Brittle behaviour may come about when the system learns its task from a limited data set. It does not understand the data and is simply good at picking out correlations, so sometimes it may pick out features of the original data set that work well within that set, and perhaps even work well on quite a lot of new real world data, but don’t really capture what’s important. The program is meant to check whether a station platform is dangerously full of people, for example; in the set of pictures provided it finds that all it needs to do is examine the white platform area and check how dark it is. The more people there are, the darker it looks. This turns out to work quite well in real life, too. Then summer comes and people start wearing light coloured clothes…

There are ways to cope with this. We could build in various safeguards. We could make sure we use big and realistic datasets for training or perhaps allow learning to continue in real world contexts. Or we could just decide never to use a system that doesn’t have an algorithm we can examine; but there would be a price to pay in terms of efficiency for that; it might even be that we would have to give up on certain things that can only be effectively automated with relatively sophisticated deep learning methods. We’re told that the EU contemplates a law embodying a right to explanations of how software works. To philosophers I think this must sound like a marvellous new gravy train, as there will obviously be a need to adjudicate what counts as an adequate explanation, a notoriously problematic issue. (I am available as a witness in any litigation for reasonable hourly fees.)

The article points out that the incomprehensibility of neural network-based systems is in some ways really quite like the incomprehensibility of the good old human brain. Why wouldn’t it be? After all, neural nets were based on the brain. Now it’s true that even in the beginning they were very rough approximations of real neurology and in practical modern systems the neural qualities of neural nets are little more than a polite fiction. Still, perhaps there are properties shared by all learning systems?

One reason deep learning may run into problems is the difficulty AI always has in dealing with relevance.  The ability to spot relevance no doubt helps the human brain check whether it is learning about the right kind of thing, but it has always been difficult to work out quite how our brains do it, and this might mean an essential element is missing from AI approaches.

It is tempting, though, to think that this is in part another manifestation of the fact that AI systems get trained on limited data sets. Maybe the radical answer is to stop feeding them tailored data sets and let  our robots live in the real world; in other words, if we want reliable deep learning perhaps our robots have to roam free and replicate the wider human experience of the world at large? To date the project of creating human-style cognition has been in some sense motivated by mere curiosity (and yes, by the feeling that it would be pretty cool to have a robot pal) ; are we seeing here the outline of an argument that human-style AGI might actually be the answer to genuine engineering problems?

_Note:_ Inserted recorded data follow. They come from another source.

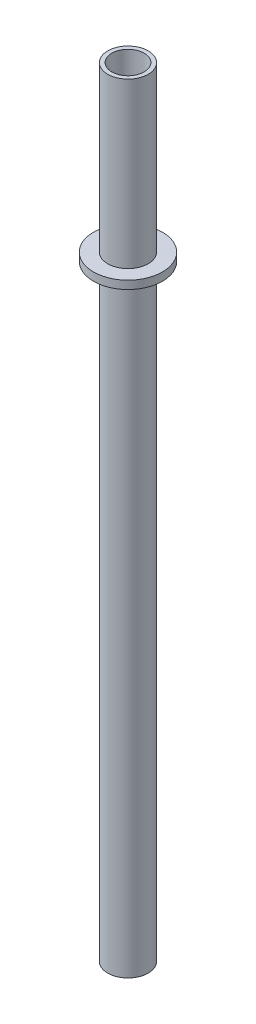
from build123d import *

# Parameters (mm, degrees)
SHAFT_EXTRUSION_DEPTH      = 134.8683866
SHAFT_EXTRUSION_DEPTH_BACK = 474.7316134
SKETCH1_R                  = 15.875
SKETCH1_R_2                = 12.7
SKETCH2_R                  = 26.9875
SKETCH2_R_2                = 15.875
BOSS_EXTRUDE1_DEPTH        = 6.35


with BuildPart() as part:
    # Sketch1 → Shaft extrusion (new, two sides: drawn at the far end of the back side and taken through both)
    with BuildSketch(Plane(origin=(0, 0, 0), x_dir=(1, 0, 0), z_dir=(0, 1, 0)).offset(-SHAFT_EXTRUSION_DEPTH_BACK)):
        Circle(SKETCH1_R)
        Circle(SKETCH1_R_2, mode=Mode.SUBTRACT)
    extrude(amount=SHAFT_EXTRUSION_DEPTH + SHAFT_EXTRUSION_DEPTH_BACK)

    # Sketch2 → Boss-Extrude1 (add)
    with BuildSketch(Plane(origin=(0, 0, 0), x_dir=(1, 0, 0), z_dir=(0, 1, 0))):
        Circle(SKETCH2_R)
        Circle(SKETCH2_R_2, mode=Mode.SUBTRACT)
    extrude(amount=BOSS_EXTRUDE1_DEPTH)


solid = part.part

What about those explanations? Instead of retaining philosophers and lawyers to argue the case, could we think about building in a new module to our systems, one that keeps overall track of the AI and can report the broad currents of activity within it? It wouldn’t be perfect but it might give us broad clues as to why the system was making the decisions it was, and even allow us to delicately feed in some guidance. Doesn’t such a module start to sound like, well, consciousness? Could it be that we are beginning to see the outline of the rationales behind some of God’s design choices?